The FDA’s Guidance for Industry-Establishing Pregnancy Exposure Registries advises on good practice for designing a pregnancy registry with a description of research methods and elements to be addressed. The Systematic overview of data sources for Drug Safety in pregnancy research provides an inventory of pregnancy exposure registries and alternative data sources on safety of prenatal drug exposure and discusses their strengths and limitations. Example of population-based registers allowing to assess outcome of drug exposure during pregnancy are the European network of registries for the epidemiologic surveillance of congenital anomalies EUROCAT, and the pan-Nordic registries which record drug use during pregnancy as illustrated in Selective serotonin reuptake inhibitors and venlafaxine in early pregnancy and risk of birth defects: population based cohort study and sibling design (BMJ 2015;350:h1798).
For paediatric populations, specific and detailed information as neonatal age (e.g. in days, not just in years), pharmacokinetic parameters and organ maturation need to be considered and is usually missing from the classical datasources, therefore paediatric specific registries are important. The CHMP Guideline on Conduct of Pharmacovigilance for Medicines Used by the Paediatric Population provides further relevant information. An example of registry which focuses on paediatric patients is Pharmachild, which captures children with juvenile idiopathic arthritis undergoing treatment with methotrexate or biologic agents.
Annex 1 of Module VIII of the Good pharmacovigilance practice provides guidance on use of patient registries for regulatory purpose. It emphasises that the choice of the registry population and the design of the registry should be driven by its objective(s) in terms of outcomes to be measured and analyses and comparisons to be performed. As existing disease registries gather insights into the natural history and clinical aspects of diseases and allow comparison of outcomes between different treatments prescribed for the same indication, they are generally preferred to product registries for regulatory purposes. Module VIII also acknowledges that, due to their observational nature, registries should not normally be used to demonstrate efficacy in real world setting, although in some cases (such as rare disease, rare exposure or special population), they may be the only opportunity to provide insight into effectiveness of a medicinal product. On the other hand, when efficacy has been demonstrated in randomised clinical trials (RCTs), registries may be useful to study effectiveness in heterogeneous populations and effect modifiers, such as doses that have been prescribed by physicians and that may differ from those used in RCTs, patient sub-groups defined by variables such as age, co-morbidities, use of concomitant medication or genetic factors, or factors related to a defined country or healthcare system that might influence effectiveness.

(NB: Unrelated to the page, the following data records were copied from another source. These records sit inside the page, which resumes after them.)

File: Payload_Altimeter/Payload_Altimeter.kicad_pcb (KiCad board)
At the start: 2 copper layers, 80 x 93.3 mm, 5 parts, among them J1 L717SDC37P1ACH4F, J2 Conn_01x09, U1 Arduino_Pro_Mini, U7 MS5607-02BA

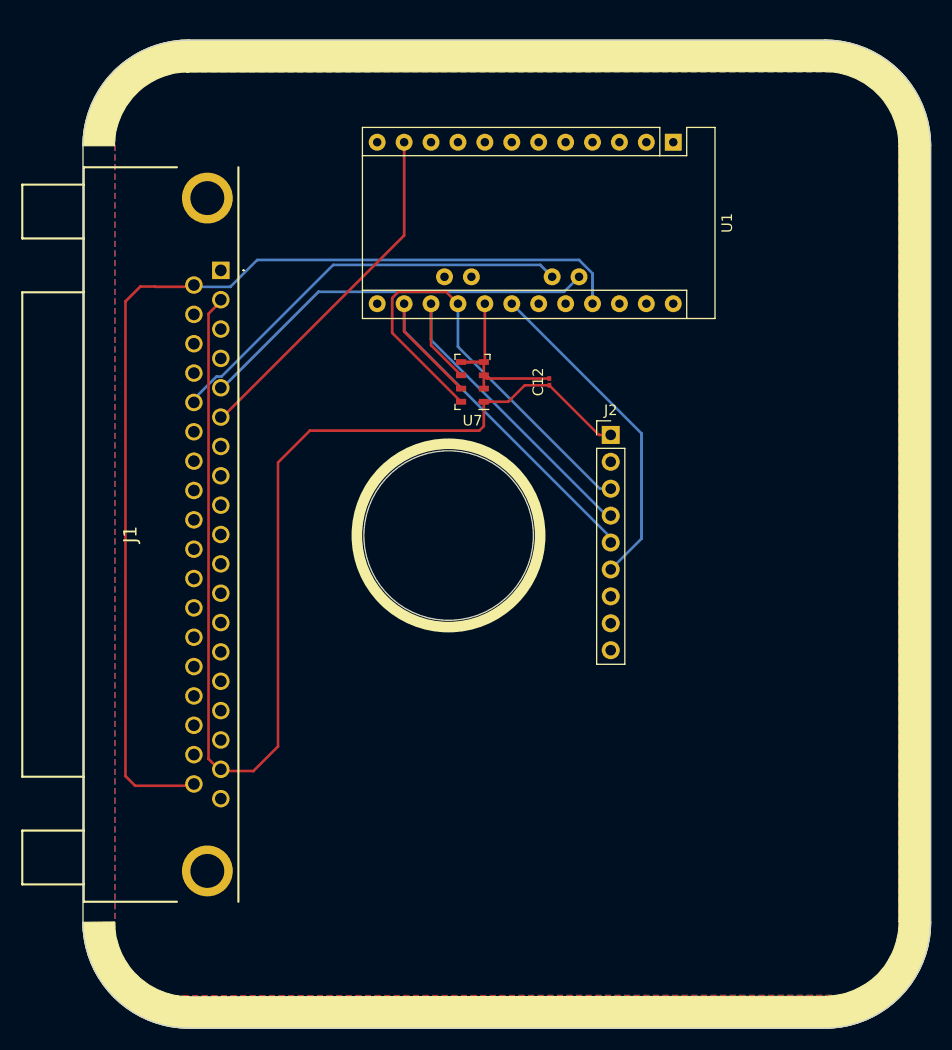
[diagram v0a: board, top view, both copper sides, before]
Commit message: Corrected edge cuts, aligned center hole, adjusted silkscreen border, aligned grid, aligned all components
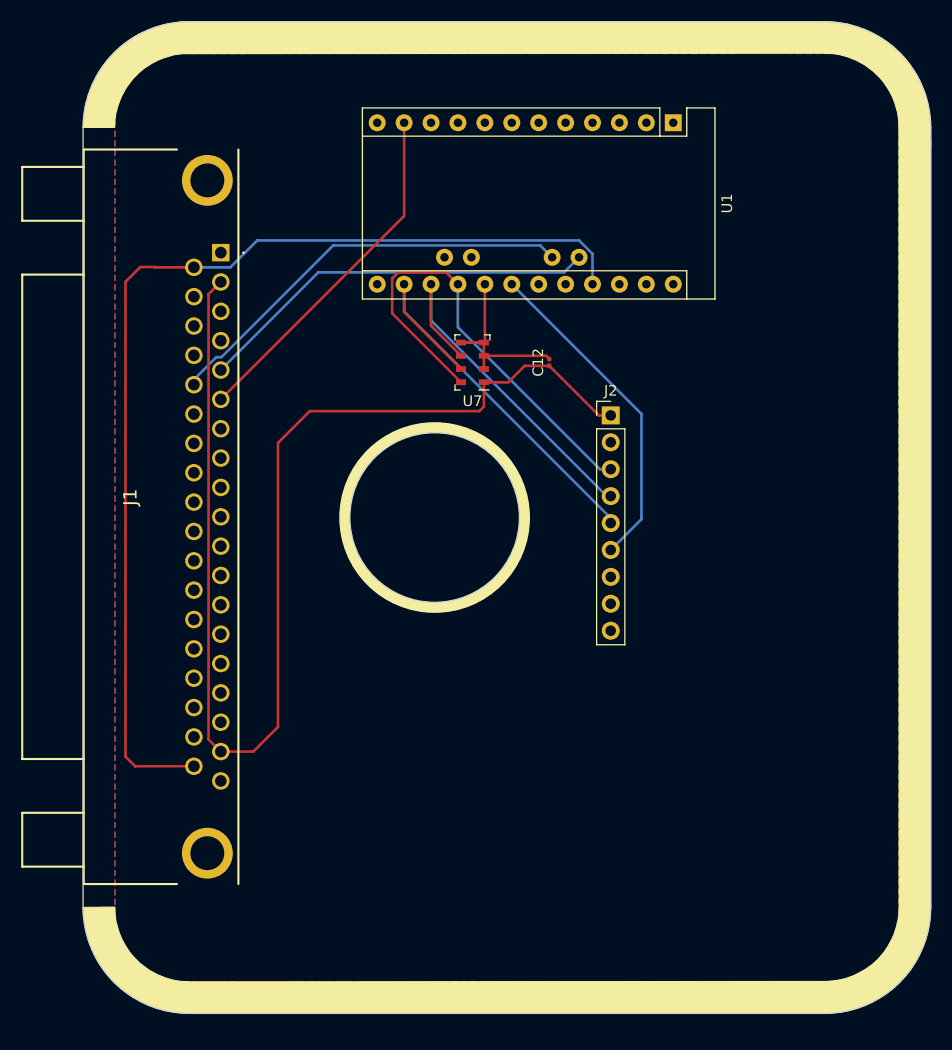
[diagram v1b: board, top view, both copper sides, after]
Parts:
- added G***: LOGO, RDT_Graphics:RDT_Logo, B.Cu at (100.6, 96.8)
- moved U1 1.84 mm to (135.7, 59.5)
- moved C12 1.84 mm to (124.0, 82.2)
- moved J2 1.84 mm to (129.8, 87.2)
- moved U7 1.84 mm to (116.8, 82.2)
- moved J1 1.67 mm to (93.0, 71.8)
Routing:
- net /Altimeter/~{CSB}: track 12.3 -> 11.1 mm
- net GND: track 6.30 -> 7.55 mm
- net +3V3: track 117.7 -> 116.7 mm
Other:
- board size 80 x 93.3 mm -> 80 x 93.6 mm

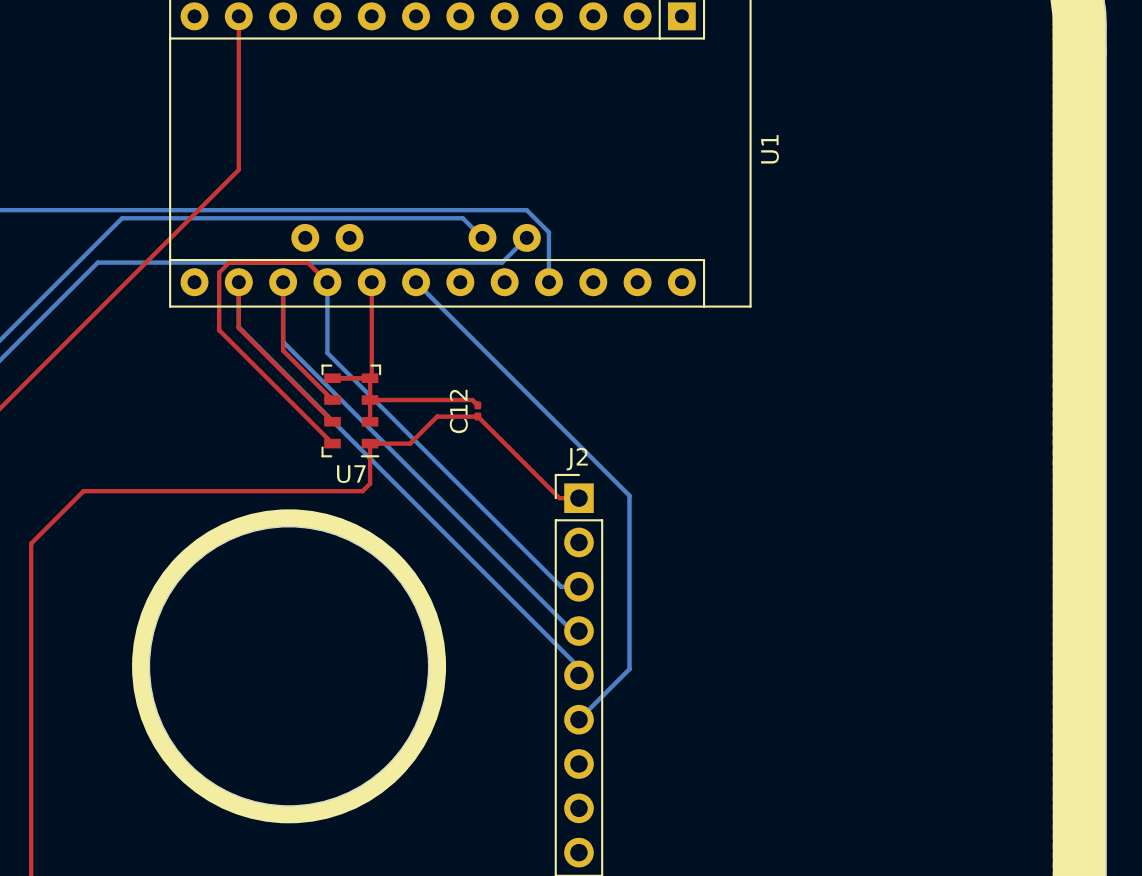
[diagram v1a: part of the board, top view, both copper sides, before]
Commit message: Adjusted silkscreen
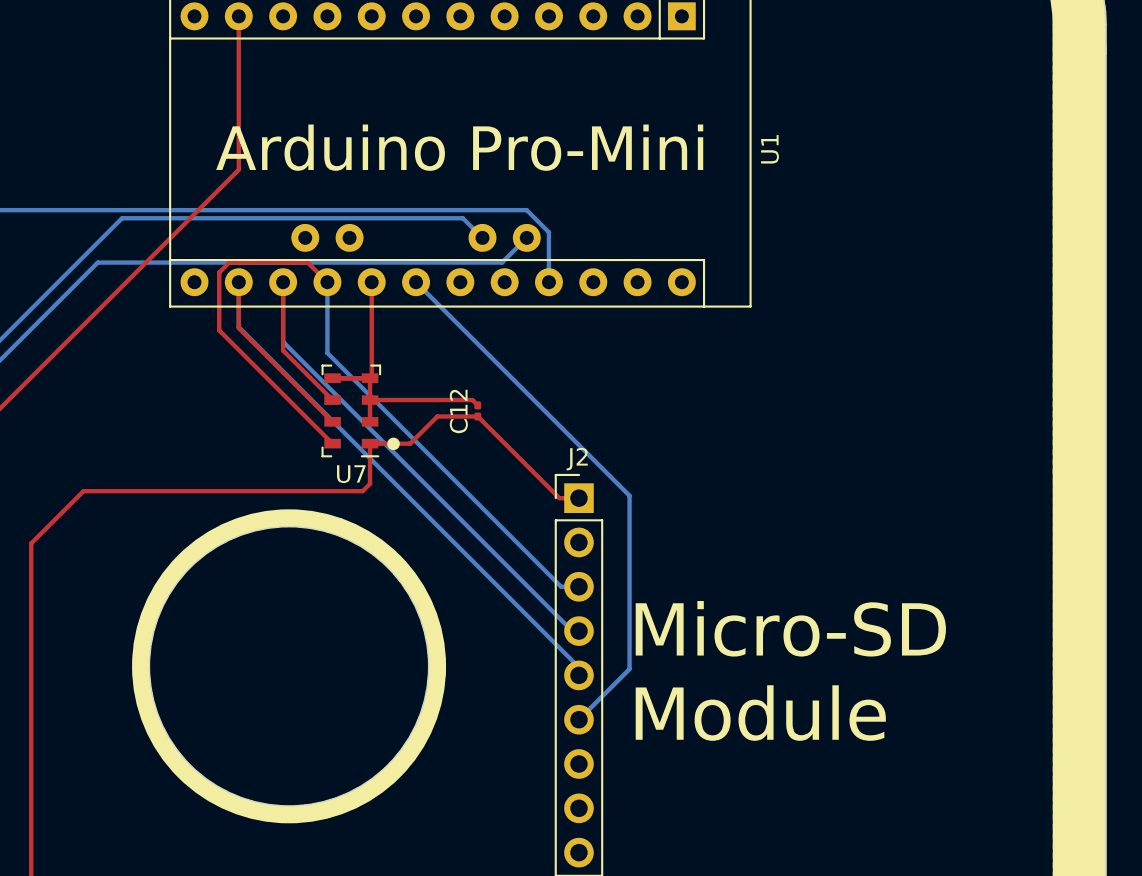
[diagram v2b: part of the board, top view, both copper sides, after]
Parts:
- added G***: LOGO, Graphics:Orientation_Marker, B.Cu at (92.4, 57.5)
- added G***: LOGO, Graphics:Orientation_Marker, B.Cu at (92.4, 136.0)
- added G***: LOGO, Graphics:Isaac_Signature, B.Cu at (120.0, 135.0)
- added G***: LOGO, Graphics:Payload_QR_Code, B.Cu at (145.0, 96.8)
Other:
- board text added: "Arduino Pro-Mini"
- board text added: "Isaac Washburn"
- board text added: "Micro-SD Module"
- board text added: "Payload Altimeter Module Rev. 1"
- board text added: "THIS END IN"

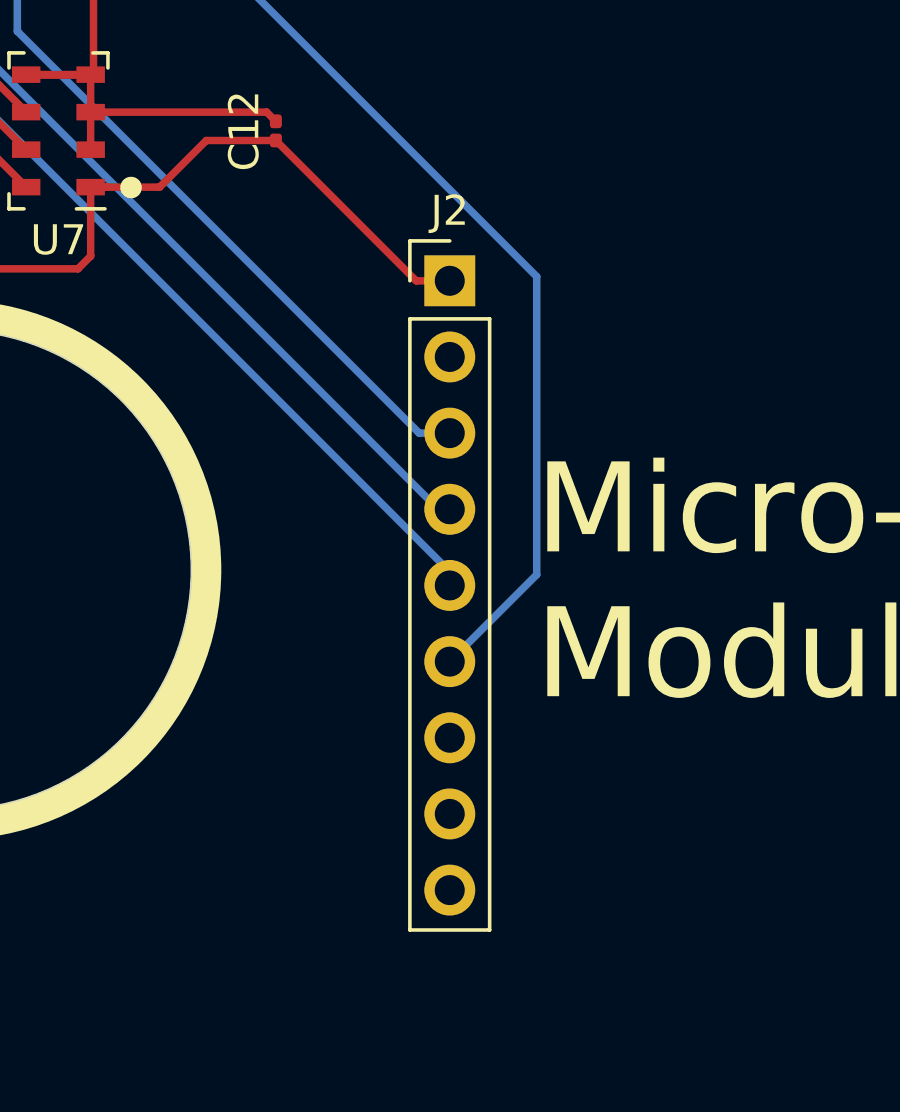
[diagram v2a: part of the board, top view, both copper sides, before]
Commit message: Deleted SD
Got rid of the SD card on the PCB the teensy will now be what is housing the SD card
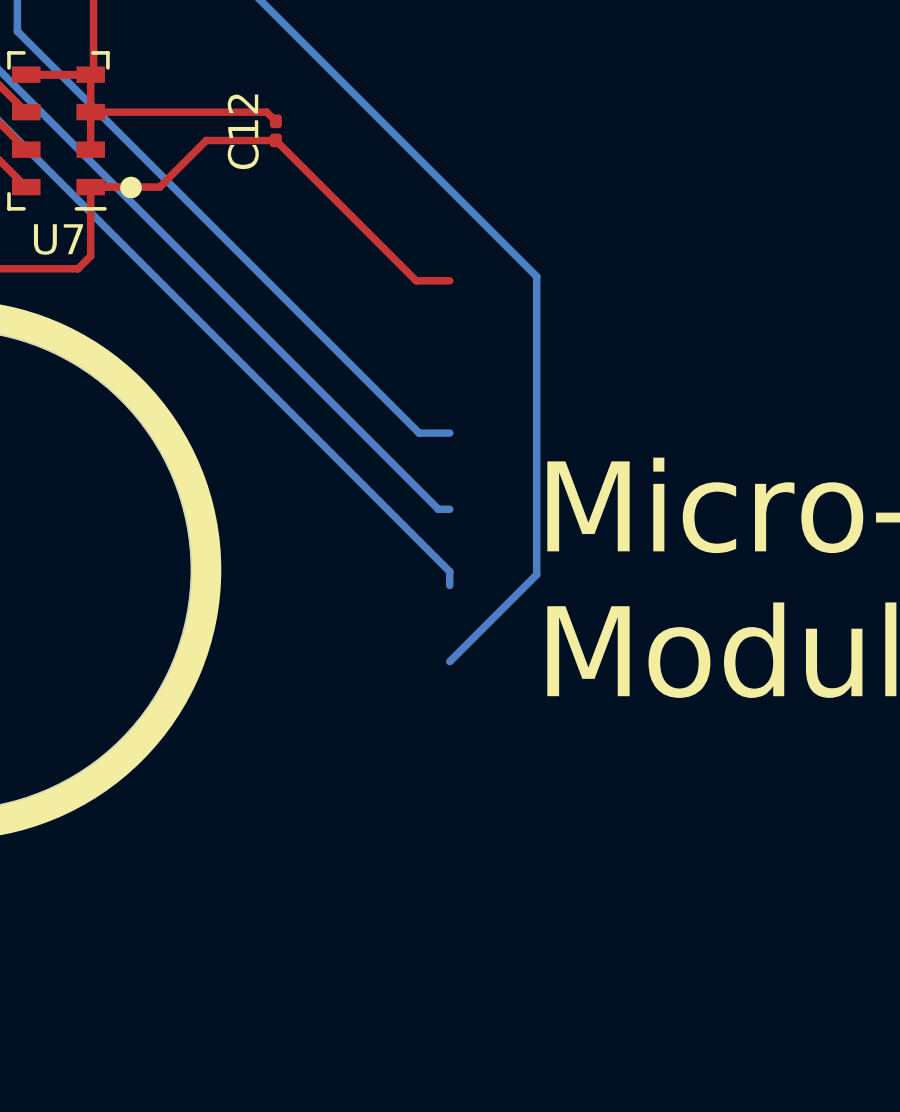
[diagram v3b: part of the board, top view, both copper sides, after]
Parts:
- removed the G*** at (100.6, 96.8)
- removed J2: Conn_01x09, Connector_PinHeader_2.54mm:PinHeader_1x09_P2.54mm_Vertical
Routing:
- net GND: track 7.55 -> 18.6 mm
- net /Altimeter/~{CSB}: track 11.1 -> 0.00 mm

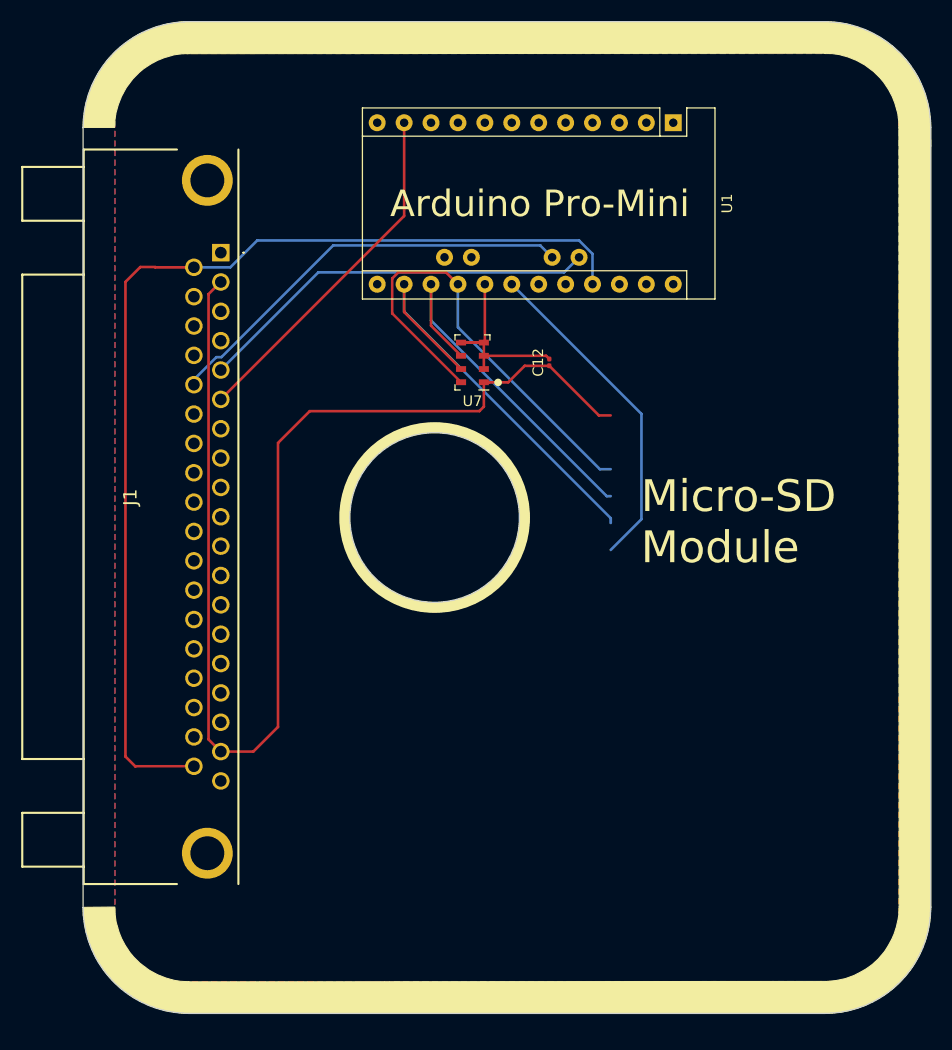
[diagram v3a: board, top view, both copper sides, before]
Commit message: Rasp_Pi
Tried to put in a pi zero
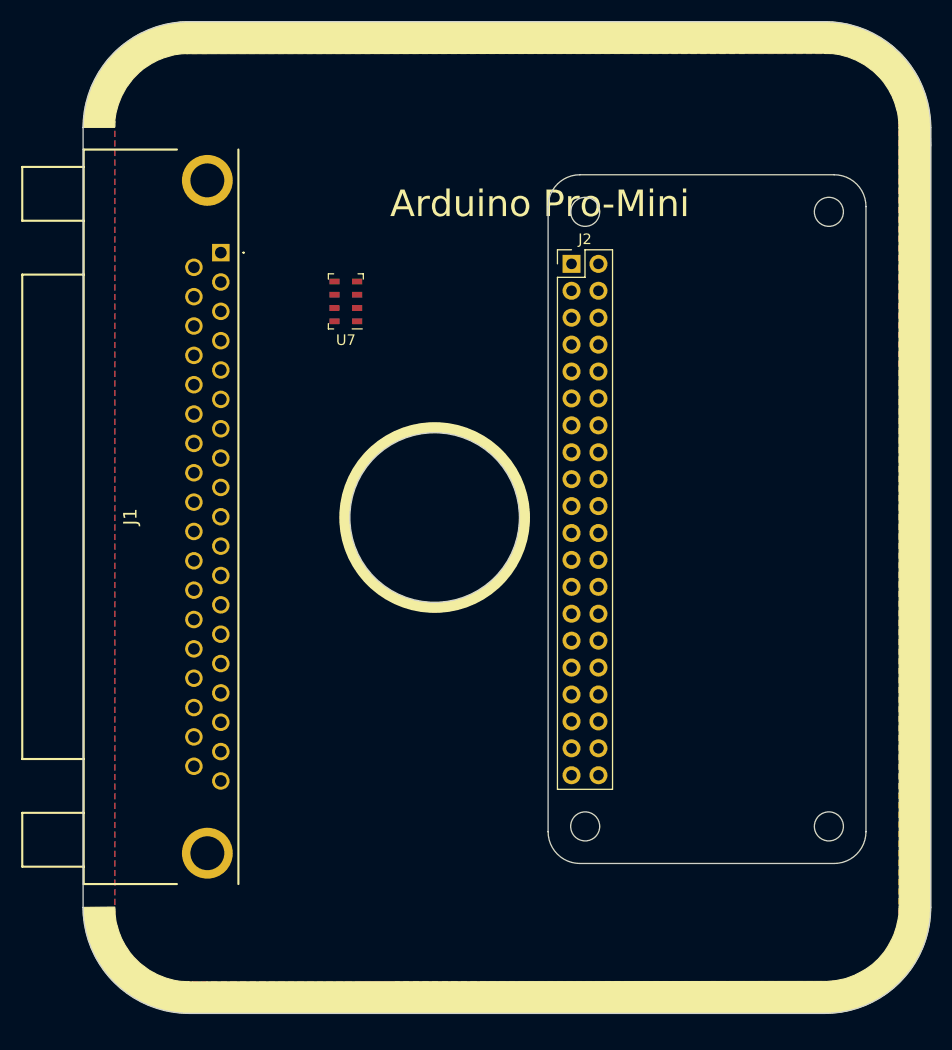
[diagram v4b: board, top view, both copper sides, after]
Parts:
- removed C12: 100nF, Capacitor_SMD:C_0201_0603Metric
- removed the G*** at (145.0, 96.8)
- removed U1: Arduino_Pro_Mini, Arduino:Arduino_Pro_Mini
- added J2: Conn_02x20_Odd_Even, Connector_PinHeader_2.54mm:PinHeader_2x20_P2.54mm_Vertical, F.Cu at (126.1, 72.9)
- moved U7 13.3 mm to (104.8, 76.4)
- moved G*** 0.59 mm to (119.7, 134.5)
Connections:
- J1 pad 24: /Arduino/I2C_SDA -> /DSUB/Alert_sda
- J1 pad 5: /Arduino/I2C_SCL -> /DSUB/Alert_scl
- J1 pad 6: /Arduino/I2C_EN -> /DSUB/Alert_Active
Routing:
- net +3V3: track 116.7 -> 0.00 mm
- net +5V: track 100.7 -> 0.00 mm
- net /Altimeter/SCLK: track 43.4 -> 0.00 mm
- net /Altimeter/SDI_SDA: track 40.8 -> 0.00 mm
- net /Arduino/I2C_SDA: track 40.0 -> 0.00 mm
- net /Arduino/I2C_SCL: track 38.2 -> 0.00 mm
- net /Altimeter/SDO: track 35.2 -> 0.00 mm
- net /Arduino/I2C_EN: track 33.3 -> 0.00 mm
- net /Arduino/sd_cs: track 31.4 -> 0.00 mm
- net GND: track 18.6 -> 0.00 mm
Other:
- outline, holes or cut-outs redrawn
- board text added: "License: MIT - Copyright 2018 StudioPieters®"
- board text added: "PP1"
- board text added: "PP6"
- board text added: "Project name: Raspberry Pi® Zero W - Hat template Project URI: https://www.studiopieters.nl Description: Kicad - Raspberry Pi® Zero W Hat template package Version: 1.0.8"
- board text removed: "Micro-SD Module"
- board text removed: "Payload Altimeter Module Rev. 1"

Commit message: Finished Schematic?
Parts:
- moved J2 48.3 mm to (128.6, 121.1), turned to 180 degrees

Incorporating data from clinical practice into the drug development process is a growing interest from health technology assessment (HTA) bodies and payers since reimbursement decisions can benefit from better estimation and prediction of effectiveness of treatments at the time of product launch. An example of where registries can provide clinical practice data is the building of predictive models that incorporate data from both RCTs and registries to bridge the efficacy-effectiveness gap, i.e. to generalise results observed in RCTs to a real-world setting. Collecting relevant HTA data in early development and planning post-authorisation data collection may therefore support rapid relative effectiveness assessment and decision-making on drug pricing and reimbursement. In this context, the EUnetHTA Joint Action 3 project has issued guidelines for the definition of the research questions and the choice of data sources and methodology that will support the generation of post-launch evidence.